Information section start
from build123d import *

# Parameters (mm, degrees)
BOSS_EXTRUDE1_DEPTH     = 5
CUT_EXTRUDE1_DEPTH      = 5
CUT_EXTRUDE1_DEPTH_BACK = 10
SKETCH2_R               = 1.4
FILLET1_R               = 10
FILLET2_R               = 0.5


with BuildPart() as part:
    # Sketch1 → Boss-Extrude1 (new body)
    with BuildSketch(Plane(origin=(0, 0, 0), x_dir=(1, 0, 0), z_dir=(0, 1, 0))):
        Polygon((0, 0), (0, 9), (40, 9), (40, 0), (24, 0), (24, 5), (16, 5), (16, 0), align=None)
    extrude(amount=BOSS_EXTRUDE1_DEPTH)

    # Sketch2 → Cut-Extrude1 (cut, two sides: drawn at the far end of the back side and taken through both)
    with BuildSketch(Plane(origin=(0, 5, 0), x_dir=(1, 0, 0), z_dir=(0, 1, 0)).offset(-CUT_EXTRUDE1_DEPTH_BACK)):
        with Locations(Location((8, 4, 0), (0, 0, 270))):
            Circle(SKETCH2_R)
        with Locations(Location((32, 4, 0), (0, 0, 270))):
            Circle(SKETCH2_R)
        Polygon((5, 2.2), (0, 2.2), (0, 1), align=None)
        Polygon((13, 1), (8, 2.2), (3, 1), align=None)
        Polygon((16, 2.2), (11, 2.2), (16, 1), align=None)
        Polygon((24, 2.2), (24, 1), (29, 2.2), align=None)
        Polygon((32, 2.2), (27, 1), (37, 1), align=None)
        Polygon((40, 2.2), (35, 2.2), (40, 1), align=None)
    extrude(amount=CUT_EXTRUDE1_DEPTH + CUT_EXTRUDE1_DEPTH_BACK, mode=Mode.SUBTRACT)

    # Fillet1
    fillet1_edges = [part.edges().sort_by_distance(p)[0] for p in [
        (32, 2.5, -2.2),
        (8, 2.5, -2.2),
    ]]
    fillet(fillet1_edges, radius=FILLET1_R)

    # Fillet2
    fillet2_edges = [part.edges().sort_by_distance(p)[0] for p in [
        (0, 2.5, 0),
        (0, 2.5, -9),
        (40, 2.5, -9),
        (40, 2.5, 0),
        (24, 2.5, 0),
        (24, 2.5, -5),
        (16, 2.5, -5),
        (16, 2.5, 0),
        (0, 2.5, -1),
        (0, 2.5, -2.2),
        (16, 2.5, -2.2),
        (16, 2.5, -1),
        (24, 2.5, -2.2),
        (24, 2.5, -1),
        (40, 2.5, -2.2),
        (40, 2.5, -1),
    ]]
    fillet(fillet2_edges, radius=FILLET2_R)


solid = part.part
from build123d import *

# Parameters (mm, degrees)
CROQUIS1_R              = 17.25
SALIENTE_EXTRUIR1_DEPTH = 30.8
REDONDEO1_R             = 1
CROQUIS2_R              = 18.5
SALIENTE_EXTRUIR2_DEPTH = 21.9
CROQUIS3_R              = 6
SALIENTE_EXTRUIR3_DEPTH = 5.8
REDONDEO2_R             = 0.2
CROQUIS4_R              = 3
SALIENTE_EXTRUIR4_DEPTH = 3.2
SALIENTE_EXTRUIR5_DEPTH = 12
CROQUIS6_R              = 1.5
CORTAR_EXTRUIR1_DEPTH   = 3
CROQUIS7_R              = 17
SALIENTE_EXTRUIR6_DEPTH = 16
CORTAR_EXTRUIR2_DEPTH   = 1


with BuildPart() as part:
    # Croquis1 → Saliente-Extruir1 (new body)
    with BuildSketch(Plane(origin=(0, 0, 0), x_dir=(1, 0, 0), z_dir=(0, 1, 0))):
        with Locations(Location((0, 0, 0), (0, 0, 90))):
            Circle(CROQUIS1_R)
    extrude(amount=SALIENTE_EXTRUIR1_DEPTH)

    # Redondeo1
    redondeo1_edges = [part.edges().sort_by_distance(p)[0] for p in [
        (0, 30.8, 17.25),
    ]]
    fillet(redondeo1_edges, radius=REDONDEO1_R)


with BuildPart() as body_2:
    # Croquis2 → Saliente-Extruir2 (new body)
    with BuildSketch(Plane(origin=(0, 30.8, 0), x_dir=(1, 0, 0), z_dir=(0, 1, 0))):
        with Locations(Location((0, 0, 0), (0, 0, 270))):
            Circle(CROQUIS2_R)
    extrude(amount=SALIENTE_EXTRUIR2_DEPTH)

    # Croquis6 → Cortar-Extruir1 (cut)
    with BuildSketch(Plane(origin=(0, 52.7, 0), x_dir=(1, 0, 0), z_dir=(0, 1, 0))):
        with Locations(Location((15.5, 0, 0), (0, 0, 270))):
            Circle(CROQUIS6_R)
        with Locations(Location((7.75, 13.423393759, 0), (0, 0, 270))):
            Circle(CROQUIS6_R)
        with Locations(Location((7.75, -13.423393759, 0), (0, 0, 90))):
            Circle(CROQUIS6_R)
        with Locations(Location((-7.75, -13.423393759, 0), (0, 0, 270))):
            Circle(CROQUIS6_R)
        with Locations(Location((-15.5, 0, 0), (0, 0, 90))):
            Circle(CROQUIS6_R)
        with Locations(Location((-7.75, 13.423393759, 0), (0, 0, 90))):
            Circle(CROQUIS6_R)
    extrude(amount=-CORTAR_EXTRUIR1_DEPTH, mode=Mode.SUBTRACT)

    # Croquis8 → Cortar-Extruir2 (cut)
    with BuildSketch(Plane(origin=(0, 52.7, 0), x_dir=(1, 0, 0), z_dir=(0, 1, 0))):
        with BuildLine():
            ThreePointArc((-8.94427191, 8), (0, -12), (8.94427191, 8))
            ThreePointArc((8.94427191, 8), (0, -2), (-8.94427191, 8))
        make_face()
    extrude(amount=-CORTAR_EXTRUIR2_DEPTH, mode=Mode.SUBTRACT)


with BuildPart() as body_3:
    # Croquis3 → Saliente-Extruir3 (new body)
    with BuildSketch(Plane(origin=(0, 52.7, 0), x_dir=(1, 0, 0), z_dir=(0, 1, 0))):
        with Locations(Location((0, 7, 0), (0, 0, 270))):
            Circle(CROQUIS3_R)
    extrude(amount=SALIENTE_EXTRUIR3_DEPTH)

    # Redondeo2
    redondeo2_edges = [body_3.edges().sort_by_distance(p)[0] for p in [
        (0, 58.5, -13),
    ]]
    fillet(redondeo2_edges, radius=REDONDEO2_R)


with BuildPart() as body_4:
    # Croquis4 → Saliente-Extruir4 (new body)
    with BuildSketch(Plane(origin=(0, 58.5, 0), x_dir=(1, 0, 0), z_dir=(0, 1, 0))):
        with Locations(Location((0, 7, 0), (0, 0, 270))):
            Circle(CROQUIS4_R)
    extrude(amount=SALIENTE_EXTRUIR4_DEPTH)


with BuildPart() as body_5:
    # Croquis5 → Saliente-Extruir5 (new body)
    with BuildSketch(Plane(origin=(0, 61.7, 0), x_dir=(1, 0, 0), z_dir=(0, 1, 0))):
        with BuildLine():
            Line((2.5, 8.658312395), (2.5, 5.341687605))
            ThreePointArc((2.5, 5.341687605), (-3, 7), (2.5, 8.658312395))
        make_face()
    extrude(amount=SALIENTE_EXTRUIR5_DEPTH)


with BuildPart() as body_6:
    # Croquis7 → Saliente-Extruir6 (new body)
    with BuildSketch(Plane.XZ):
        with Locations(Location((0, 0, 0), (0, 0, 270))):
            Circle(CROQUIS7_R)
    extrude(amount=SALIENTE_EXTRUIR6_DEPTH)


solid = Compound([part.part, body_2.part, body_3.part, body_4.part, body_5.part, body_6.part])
Information section end
### Assigned task
Exactly as they are written, print the entries again.

### Response
from build123d import *

# Parameters (mm, degrees)
BOSS_EXTRUDE1_DEPTH     = 5
CUT_EXTRUDE1_DEPTH      = 5
CUT_EXTRUDE1_DEPTH_BACK = 10
SKETCH2_R               = 1.4
FILLET1_R               = 10
FILLET2_R               = 0.5


with BuildPart() as part:
    # Sketch1 → Boss-Extrude1 (new body)
    with BuildSketch(Plane(origin=(0, 0, 0), x_dir=(1, 0, 0), z_dir=(0, 1, 0))):
        Polygon((0, 0), (0, 9), (40, 9), (40, 0), (24, 0), (24, 5), (16, 5), (16, 0), align=None)
    extrude(amount=BOSS_EXTRUDE1_DEPTH)

    # Sketch2 → Cut-Extrude1 (cut, two sides: drawn at the far end of the back side and taken through both)
    with BuildSketch(Plane(origin=(0, 5, 0), x_dir=(1, 0, 0), z_dir=(0, 1, 0)).offset(-CUT_EXTRUDE1_DEPTH_BACK)):
        with Locations(Location((8, 4, 0), (0, 0, 270))):
            Circle(SKETCH2_R)
        with Locations(Location((32, 4, 0), (0, 0, 270))):
            Circle(SKETCH2_R)
        Polygon((5, 2.2), (0, 2.2), (0, 1), align=None)
        Polygon((13, 1), (8, 2.2), (3, 1), align=None)
        Polygon((16, 2.2), (11, 2.2), (16, 1), align=None)
        Polygon((24, 2.2), (24, 1), (29, 2.2), align=None)
        Polygon((32, 2.2), (27, 1), (37, 1), align=None)
        Polygon((40, 2.2), (35, 2.2), (40, 1), align=None)
    extrude(amount=CUT_EXTRUDE1_DEPTH + CUT_EXTRUDE1_DEPTH_BACK, mode=Mode.SUBTRACT)

    # Fillet1
    fillet1_edges = [part.edges().sort_by_distance(p)[0] for p in [
        (32, 2.5, -2.2),
        (8, 2.5, -2.2),
    ]]
    fillet(fillet1_edges, radius=FILLET1_R)

    # Fillet2
    fillet2_edges = [part.edges().sort_by_distance(p)[0] for p in [
        (0, 2.5, 0),
        (0, 2.5, -9),
        (40, 2.5, -9),
        (40, 2.5, 0),
        (24, 2.5, 0),
        (24, 2.5, -5),
        (16, 2.5, -5),
        (16, 2.5, 0),
        (0, 2.5, -1),
        (0, 2.5, -2.2),
        (16, 2.5, -2.2),
        (16, 2.5, -1),
        (24, 2.5, -2.2),
        (24, 2.5, -1),
        (40, 2.5, -2.2),
        (40, 2.5, -1),
    ]]
    fillet(fillet2_edges, radius=FILLET2_R)


solid = part.part
from build123d import *

# Parameters (mm, degrees)
CROQUIS1_R              = 17.25
SALIENTE_EXTRUIR1_DEPTH = 30.8
REDONDEO1_R             = 1
CROQUIS2_R              = 18.5
SALIENTE_EXTRUIR2_DEPTH = 21.9
CROQUIS3_R              = 6
SALIENTE_EXTRUIR3_DEPTH = 5.8
REDONDEO2_R             = 0.2
CROQUIS4_R              = 3
SALIENTE_EXTRUIR4_DEPTH = 3.2
SALIENTE_EXTRUIR5_DEPTH = 12
CROQUIS6_R              = 1.5
CORTAR_EXTRUIR1_DEPTH   = 3
CROQUIS7_R              = 17
SALIENTE_EXTRUIR6_DEPTH = 16
CORTAR_EXTRUIR2_DEPTH   = 1


with BuildPart() as part:
    # Croquis1 → Saliente-Extruir1 (new body)
    with BuildSketch(Plane(origin=(0, 0, 0), x_dir=(1, 0, 0), z_dir=(0, 1, 0))):
        with Locations(Location((0, 0, 0), (0, 0, 90))):
            Circle(CROQUIS1_R)
    extrude(amount=SALIENTE_EXTRUIR1_DEPTH)

    # Redondeo1
    redondeo1_edges = [part.edges().sort_by_distance(p)[0] for p in [
        (0, 30.8, 17.25),
    ]]
    fillet(redondeo1_edges, radius=REDONDEO1_R)


with BuildPart() as body_2:
    # Croquis2 → Saliente-Extruir2 (new body)
    with BuildSketch(Plane(origin=(0, 30.8, 0), x_dir=(1, 0, 0), z_dir=(0, 1, 0))):
        with Locations(Location((0, 0, 0), (0, 0, 270))):
            Circle(CROQUIS2_R)
    extrude(amount=SALIENTE_EXTRUIR2_DEPTH)

    # Croquis6 → Cortar-Extruir1 (cut)
    with BuildSketch(Plane(origin=(0, 52.7, 0), x_dir=(1, 0, 0), z_dir=(0, 1, 0))):
        with Locations(Location((15.5, 0, 0), (0, 0, 270))):
            Circle(CROQUIS6_R)
        with Locations(Location((7.75, 13.423393759, 0), (0, 0, 270))):
            Circle(CROQUIS6_R)
        with Locations(Location((7.75, -13.423393759, 0), (0, 0, 90))):
            Circle(CROQUIS6_R)
        with Locations(Location((-7.75, -13.423393759, 0), (0, 0, 270))):
            Circle(CROQUIS6_R)
        with Locations(Location((-15.5, 0, 0), (0, 0, 90))):
            Circle(CROQUIS6_R)
        with Locations(Location((-7.75, 13.423393759, 0), (0, 0, 90))):
            Circle(CROQUIS6_R)
    extrude(amount=-CORTAR_EXTRUIR1_DEPTH, mode=Mode.SUBTRACT)

    # Croquis8 → Cortar-Extruir2 (cut)
    with BuildSketch(Plane(origin=(0, 52.7, 0), x_dir=(1, 0, 0), z_dir=(0, 1, 0))):
        with BuildLine():
            ThreePointArc((-8.94427191, 8), (0, -12), (8.94427191, 8))
            ThreePointArc((8.94427191, 8), (0, -2), (-8.94427191, 8))
        make_face()
    extrude(amount=-CORTAR_EXTRUIR2_DEPTH, mode=Mode.SUBTRACT)


with BuildPart() as body_3:
    # Croquis3 → Saliente-Extruir3 (new body)
    with BuildSketch(Plane(origin=(0, 52.7, 0), x_dir=(1, 0, 0), z_dir=(0, 1, 0))):
        with Locations(Location((0, 7, 0), (0, 0, 270))):
            Circle(CROQUIS3_R)
    extrude(amount=SALIENTE_EXTRUIR3_DEPTH)

    # Redondeo2
    redondeo2_edges = [body_3.edges().sort_by_distance(p)[0] for p in [
        (0, 58.5, -13),
    ]]
    fillet(redondeo2_edges, radius=REDONDEO2_R)


with BuildPart() as body_4:
    # Croquis4 → Saliente-Extruir4 (new body)
    with BuildSketch(Plane(origin=(0, 58.5, 0), x_dir=(1, 0, 0), z_dir=(0, 1, 0))):
        with Locations(Location((0, 7, 0), (0, 0, 270))):
            Circle(CROQUIS4_R)
    extrude(amount=SALIENTE_EXTRUIR4_DEPTH)


with BuildPart() as body_5:
    # Croquis5 → Saliente-Extruir5 (new body)
    with BuildSketch(Plane(origin=(0, 61.7, 0), x_dir=(1, 0, 0), z_dir=(0, 1, 0))):
        with BuildLine():
            Line((2.5, 8.658312395), (2.5, 5.341687605))
            ThreePointArc((2.5, 5.341687605), (-3, 7), (2.5, 8.658312395))
        make_face()
    extrude(amount=SALIENTE_EXTRUIR5_DEPTH)


with BuildPart() as body_6:
    # Croquis7 → Saliente-Extruir6 (new body)
    with BuildSketch(Plane.XZ):
        with Locations(Location((0, 0, 0), (0, 0, 270))):
            Circle(CROQUIS7_R)
    extrude(amount=SALIENTE_EXTRUIR6_DEPTH)


solid = Compound([part.part, body_2.part, body_3.part, body_4.part, body_5.part, body_6.part])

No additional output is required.